Twitter
Advertisement

MISSION BUDGET 2019: Ride poll volatility with short-term debt funds

Knee-jerk reactions to news events are likely to remain part and parcel of equity markets for the next few quarters. Systematic investments into equity products could help investors ride out any short-term volatility.

Latest News
article-main
Chandresh Kumar Nigam
FacebookTwitterWhatsappLinkedin

2018 saw the return of volatility in equity markets with a vengeance. Market trends switched abruptly, wrong footing market participants and investors alike. Talking points for the year included currency, crude oil, inflation, interest rates and NBFCs, among others. The result – a tough market for active investors – especially domestic equity fund managers, many of whom struggled to outperform their respective fund benchmarks. While large-cap equity indexes have held up, mid and small caps have faced a sharp correction over this period.

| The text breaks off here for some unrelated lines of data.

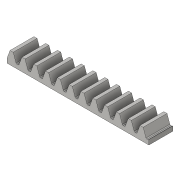
# Autodesk Inventor part: Rack
Saved by Autodesk Inventor 2016 (Build 200138000, 138)
## iProperties
Created: 2016-04-02
Part Number: Rack
Material: Generic
Document SubType Name: Modeling
Designer: amycroft3
Density: 1 g/cm^3
Appearance: Default
Author: amycroft3
Autodesk Inventor part; units mm, degrees
ref_plane "YZ Plane" through (0, 0, 0) normal (1, 0, 0) x (0, 1, 0)
ref_plane "XZ Plane" through (0, 0, 0) normal (0, 1, 0) x (-1, 0, 0)
ref_plane "XY Plane" through (0, 0, 0) normal (0, 0, 1) x (1, 0, 0)
sketch "Sketch1" plane through (0, 0, 0) normal (0, 0, 1) x (1, 0, 0)
  line L0 (27.361, 9.329) -> (25.8429, 13.5)
  line L1 (25.8429, 13.5) -> (24.1571, 13.5)
  line L2 (24.1571, 13.5) -> (22.639, 9.329)
  arc A0 (22.1692, 9) -> (22.639, 9.329) centre (22.1692, 9.5) ccw
  line L3 (22.1692, 9) -> (0, 9)
  line L4 (0, 9) -> (0, 0)
  line L5 (0, 0) -> (175.6637, 0)
  line L6 (175.6637, 0) -> (175.6637, 9)
  line L7 (175.6637, 9) -> (153.4945, 9)
  arc A1 (153.0247, 9.329) -> (153.4945, 9) centre (153.4945, 9.5) ccw
  line L8 (153.0247, 9.329) -> (151.5066, 13.5)
  line L9 (151.5066, 13.5) -> (149.8209, 13.5)
  line L10 (149.8209, 13.5) -> (148.3027, 9.329)
  arc A2 (147.8329, 9) -> (148.3027, 9.329) centre (147.8329, 9.5) ccw
  line L11 (147.8329, 9) -> (147.2113, 9)
  arc A3 (146.7415, 9.329) -> (147.2113, 9) centre (147.2113, 9.5) ccw
  line L12 (146.7415, 9.329) -> (145.2234, 13.5)
  line L13 (145.2234, 13.5) -> (143.5377, 13.5)
  line L14 (143.5377, 13.5) -> (142.0195, 9.329)
  arc A4 (141.5497, 9) -> (142.0195, 9.329) centre (141.5497, 9.5) ccw
  line L15 (141.5497, 9) -> (140.9282, 9)
  arc A5 (140.4583, 9.329) -> (140.9282, 9) centre (140.9282, 9.5) ccw
  line L16 (140.4583, 9.329) -> (138.9402, 13.5)
  line L17 (138.9402, 13.5) -> (137.2545, 13.5)
  line L18 (137.2545, 13.5) -> (135.7364, 9.329)
  arc A6 (135.2665, 9) -> (135.7364, 9.329) centre (135.2665, 9.5) ccw
  line L19 (135.2665, 9) -> (134.645, 9)
  arc A7 (134.1751, 9.329) -> (134.645, 9) centre (134.645, 9.5) ccw
  line L20 (134.1751, 9.329) -> (132.657, 13.5)
  line L21 (132.657, 13.5) -> (130.9713, 13.5)
  line L22 (130.9713, 13.5) -> (129.4532, 9.329)
  arc A8 (128.9833, 9) -> (129.4532, 9.329) centre (128.9833, 9.5) ccw
  line L23 (128.9833, 9) -> (128.3618, 9)
  arc A9 (127.8919, 9.329) -> (128.3618, 9) centre (128.3618, 9.5) ccw
  line L24 (127.8919, 9.329) -> (126.3738, 13.5)
  line L25 (126.3738, 13.5) -> (124.6881, 13.5)
  line L26 (124.6881, 13.5) -> (123.17, 9.329)
  arc A10 (122.7001, 9) -> (123.17, 9.329) centre (122.7001, 9.5) ccw
  line L27 (122.7001, 9) -> (122.0786, 9)
  arc A11 (121.6088, 9.329) -> (122.0786, 9) centre (122.0786, 9.5) ccw
  line L28 (121.6088, 9.329) -> (120.0906, 13.5)
  line L29 (120.0906, 13.5) -> (118.4049, 13.5)
  line L30 (118.4049, 13.5) -> (116.8868, 9.329)
  arc A12 (116.417, 9) -> (116.8868, 9.329) centre (116.417, 9.5) ccw
  line L31 (116.417, 9) -> (115.7954, 9)
  arc A13 (115.3256, 9.329) -> (115.7954, 9) centre (115.7954, 9.5) ccw
  line L32 (115.3256, 9.329) -> (113.8075, 13.5)
  line L33 (113.8075, 13.5) -> (112.1217, 13.5)
  line L34 (112.1217, 13.5) -> (110.6036, 9.329)
  arc A14 (110.1338, 9) -> (110.6036, 9.329) centre (110.1338, 9.5) ccw
  line L35 (110.1338, 9) -> (109.5122, 9)
  arc A15 (109.0424, 9.329) -> (109.5122, 9) centre (109.5122, 9.5) ccw
  line L36 (109.0424, 9.329) -> (107.5243, 13.5)
  line L37 (107.5243, 13.5) -> (105.8386, 13.5)
  line L38 (105.8386, 13.5) -> (104.3204, 9.329)
  arc A16 (103.8506, 9) -> (104.3204, 9.329) centre (103.8506, 9.5) ccw
  line L39 (103.8506, 9) -> (103.229, 9)
  arc A17 (102.7592, 9.329) -> (103.229, 9) centre (103.229, 9.5) ccw
  line L40 (102.7592, 9.329) -> (101.2411, 13.5)
  line L41 (101.2411, 13.5) -> (99.5554, 13.5)
  line L42 (99.5554, 13.5) -> (98.0372, 9.329)
  arc A18 (97.5674, 9) -> (98.0372, 9.329) centre (97.5674, 9.5) ccw
  line L43 (97.5674, 9) -> (96.9459, 9)
  arc A19 (96.476, 9.329) -> (96.9459, 9) centre (96.9459, 9.5) ccw
  line L44 (96.476, 9.329) -> (94.9579, 13.5)
  line L45 (94.9579, 13.5) -> (93.2722, 13.5)
  line L46 (93.2722, 13.5) -> (91.7541, 9.329)
  arc A20 (91.2842, 9) -> (91.7541, 9.329) centre (91.2842, 9.5) ccw
  line L47 (91.2842, 9) -> (90.6627, 9)
  arc A21 (90.1928, 9.329) -> (90.6627, 9) centre (90.6627, 9.5) ccw
  line L48 (90.1928, 9.329) -> (88.6747, 13.5)
  line L49 (88.6747, 13.5) -> (86.989, 13.5)
  line L50 (86.989, 13.5) -> (85.4709, 9.329)
  arc A22 (85.001, 9) -> (85.4709, 9.329) centre (85.001, 9.5) ccw
  line L51 (85.001, 9) -> (84.3795, 9)
  arc A23 (83.9096, 9.329) -> (84.3795, 9) centre (84.3795, 9.5) ccw
  line L52 (83.9096, 9.329) -> (82.3915, 13.5)
  line L53 (82.3915, 13.5) -> (80.7058, 13.5)
  line L54 (80.7058, 13.5) -> (79.1877, 9.329)
  arc A24 (78.7178, 9) -> (79.1877, 9.329) centre (78.7178, 9.5) ccw
  line L55 (78.7178, 9) -> (78.0963, 9)
  arc A25 (77.6265, 9.329) -> (78.0963, 9) centre (78.0963, 9.5) ccw
  line L56 (77.6265, 9.329) -> (76.1083, 13.5)
  line L57 (76.1083, 13.5) -> (74.4226, 13.5)
  line L58 (74.4226, 13.5) -> (72.9045, 9.329)
  arc A26 (72.4347, 9) -> (72.9045, 9.329) centre (72.4347, 9.5) ccw
  line L59 (72.4347, 9) -> (71.8131, 9)
  arc A27 (71.3433, 9.329) -> (71.8131, 9) centre (71.8131, 9.5) ccw
  line L60 (71.3433, 9.329) -> (69.8252, 13.5)
  line L61 (69.8252, 13.5) -> (68.1394, 13.5)
  line L62 (68.1394, 13.5) -> (66.6213, 9.329)
  arc A28 (66.1515, 9) -> (66.6213, 9.329) centre (66.1515, 9.5) ccw
  line L63 (66.1515, 9) -> (65.5299, 9)
  arc A29 (65.0601, 9.329) -> (65.5299, 9) centre (65.5299, 9.5) ccw
  line L64 (65.0601, 9.329) -> (63.542, 13.5)
  line L65 (63.542, 13.5) -> (61.8563, 13.5)
  line L66 (61.8563, 13.5) -> (60.3381, 9.329)
  arc A30 (59.8683, 9) -> (60.3381, 9.329) centre (59.8683, 9.5) ccw
  line L67 (59.8683, 9) -> (59.2468, 9)
  arc A31 (58.7769, 9.329) -> (59.2468, 9) centre (59.2468, 9.5) ccw
  line L68 (58.7769, 9.329) -> (57.2588, 13.5)
  line L69 (57.2588, 13.5) -> (55.5731, 13.5)
  line L70 (55.5731, 13.5) -> (54.0549, 9.329)
  arc A32 (53.5851, 9) -> (54.0549, 9.329) centre (53.5851, 9.5) ccw
  line L71 (53.5851, 9) -> (52.9636, 9)
  arc A33 (52.4937, 9.329) -> (52.9636, 9) centre (52.9636, 9.5) ccw
  line L72 (52.4937, 9.329) -> (50.9756, 13.5)
  line L73 (50.9756, 13.5) -> (49.2899, 13.5)
  line L74 (49.2899, 13.5) -> (47.7718, 9.329)
  arc A34 (47.3019, 9) -> (47.7718, 9.329) centre (47.3019, 9.5) ccw
  line L75 (47.3019, 9) -> (46.6804, 9)
  arc A35 (46.2105, 9.329) -> (46.6804, 9) centre (46.6804, 9.5) ccw
  line L76 (46.2105, 9.329) -> (44.6924, 13.5)
  line L77 (44.6924, 13.5) -> (43.0067, 13.5)
  line L78 (43.0067, 13.5) -> (41.4886, 9.329)
  arc A36 (41.0187, 9) -> (41.4886, 9.329) centre (41.0187, 9.5) ccw
  line L79 (41.0187, 9) -> (40.3972, 9)
  arc A37 (39.9273, 9.329) -> (40.3972, 9) centre (40.3972, 9.5) ccw
  line L80 (39.9273, 9.329) -> (38.4092, 13.5)
  line L81 (38.4092, 13.5) -> (36.7235, 13.5)
  line L82 (36.7235, 13.5) -> (35.2054, 9.329)
  arc A38 (34.7355, 9) -> (35.2054, 9.329) centre (34.7355, 9.5) ccw
  line L83 (34.7355, 9) -> (34.114, 9)
  arc A39 (33.6442, 9.329) -> (34.114, 9) centre (34.114, 9.5) ccw
  line L84 (33.6442, 9.329) -> (32.126, 13.5)
  line L85 (32.126, 13.5) -> (30.4403, 13.5)
  line L86 (30.4403, 13.5) -> (28.9222, 9.329)
  arc A40 (28.4524, 9) -> (28.9222, 9.329) centre (28.4524, 9.5) ccw
  line L87 (28.4524, 9) -> (27.8308, 9)
  arc A41 (27.361, 9.329) -> (27.8308, 9) centre (27.8308, 9.5) ccw
  point P0 (87.8319, 5)
  constraints: 176 end point, 84 point on circle, 42 centre point
extrude "Extrusion1" add sketch "Sketch1" along normal blind 12.7
sketch "Sketch2" plane through (0, 0, 12.7) normal (0, 0, 1) x (1, 0, 0)
  line L0 (0, 9) -> (22.1692, 9) projected
  line L1 (175.6637, 9) -> (153.4945, 9) projected
  line L2 (0, 9) -> (175.6637, 9)
  point P0 (0, 0)
  constraints: 2 end point, 1 horizontal
sketch "Sketch3" plane through (0, 0, 12.7) normal (0, 0, 1) x (1, 0, 0)
  line L0 (22.639, 9.329) -> (24.1571, 13.5) projected
  line L1 (175.6637, 0) -> (0, 0) projected
  line L2 (22.639, 9.329) -> (0, 9.329)
  line L3 (0, 9.329) -> (0, 0)
  line L4 (0, 0) -> (22.639, 0)
  line L5 (22.639, 0) -> (22.639, 9.329)
  line L6 (22.639, 0) -> (98.839, 0)
  line L7 (98.0372, 13.6919) -> (175.6637, 13.6919)
  line L8 (175.6637, 13.6919) -> (175.6637, 0)
  line L9 (175.6637, 0) -> (98.0372, 0)
  line L10 (98.0372, 0) -> (98.0372, 13.6919)
  line L11 (22.639, 0) -> (98.0372, 0)
  line L12 (98.0372, 0) -> (98.0372, 6.846)
  line L13 (98.0372, 6.846) -> (22.639, 6.846)
  line L14 (22.639, 6.846) -> (22.639, 0)
  dimension "d3" = 13.6919
  dimension "d4" = 77.6265
  dimension "d5" = 74.7953
  constraints: 26 end point, 6 parallel, 4 horizontal, 3 perpendicular, 1 midpoint
  measures "d3" distance between parallel lines of L7 L1
  measures "d4" distance between parallel lines of L8 L10
  measures "d5" distance from line of L6.end L0
extrude "Extrusion2" cut sketch "Sketch3" against normal blind 25.4
body "Solid1"

Debt markets too have been under pressure since 2017, with the benchmark 10-year yields pushing relentlessly higher from their demonetisation lows. In 2018, yields rose further on account of the external account – with FIIs selling, rupee falling and crude rising. Complicating the situation further for debt funds were concerns regarding NBFCs. Credit risk was brought to the forefront once again, thus highlighting that debt funds are not risk free investments and investors should heed caution while investing in relatively high risk high reward debt products.

The result has been a tough environment for mutual fund investors over the last 12 months with no obvious segment that has remained unscathed. However, the last 12 months have come on the back of some really good years and disciplined investors are not likely to be unduly concerned with a one-off tough year. A huge positive for the industry is that a big chunk of investor flows now come through regular investment vehicles (such as SIPs) making them less vulnerable to the short-term market movements.

The new fiscal brings good news to MF investors in the form of implementation of the new Securities and Exchange Board of India expense ratio guidelines. This will substantially reduce expense ratio for retail investors, especially for the large funds in the equity and hybrid fund category, and effectively improve their returns from these funds.

The last Budget increased the effective tax rates for equity MF investors for both LTCG as well as dividend incomes. Additionally, there were indications that fiscal consolidation path was getting diluted. While this affected sentiment, over the course of the year, the fiscal impact got diluted a bit due to active open market operations carried out by RBI to inject liquidity.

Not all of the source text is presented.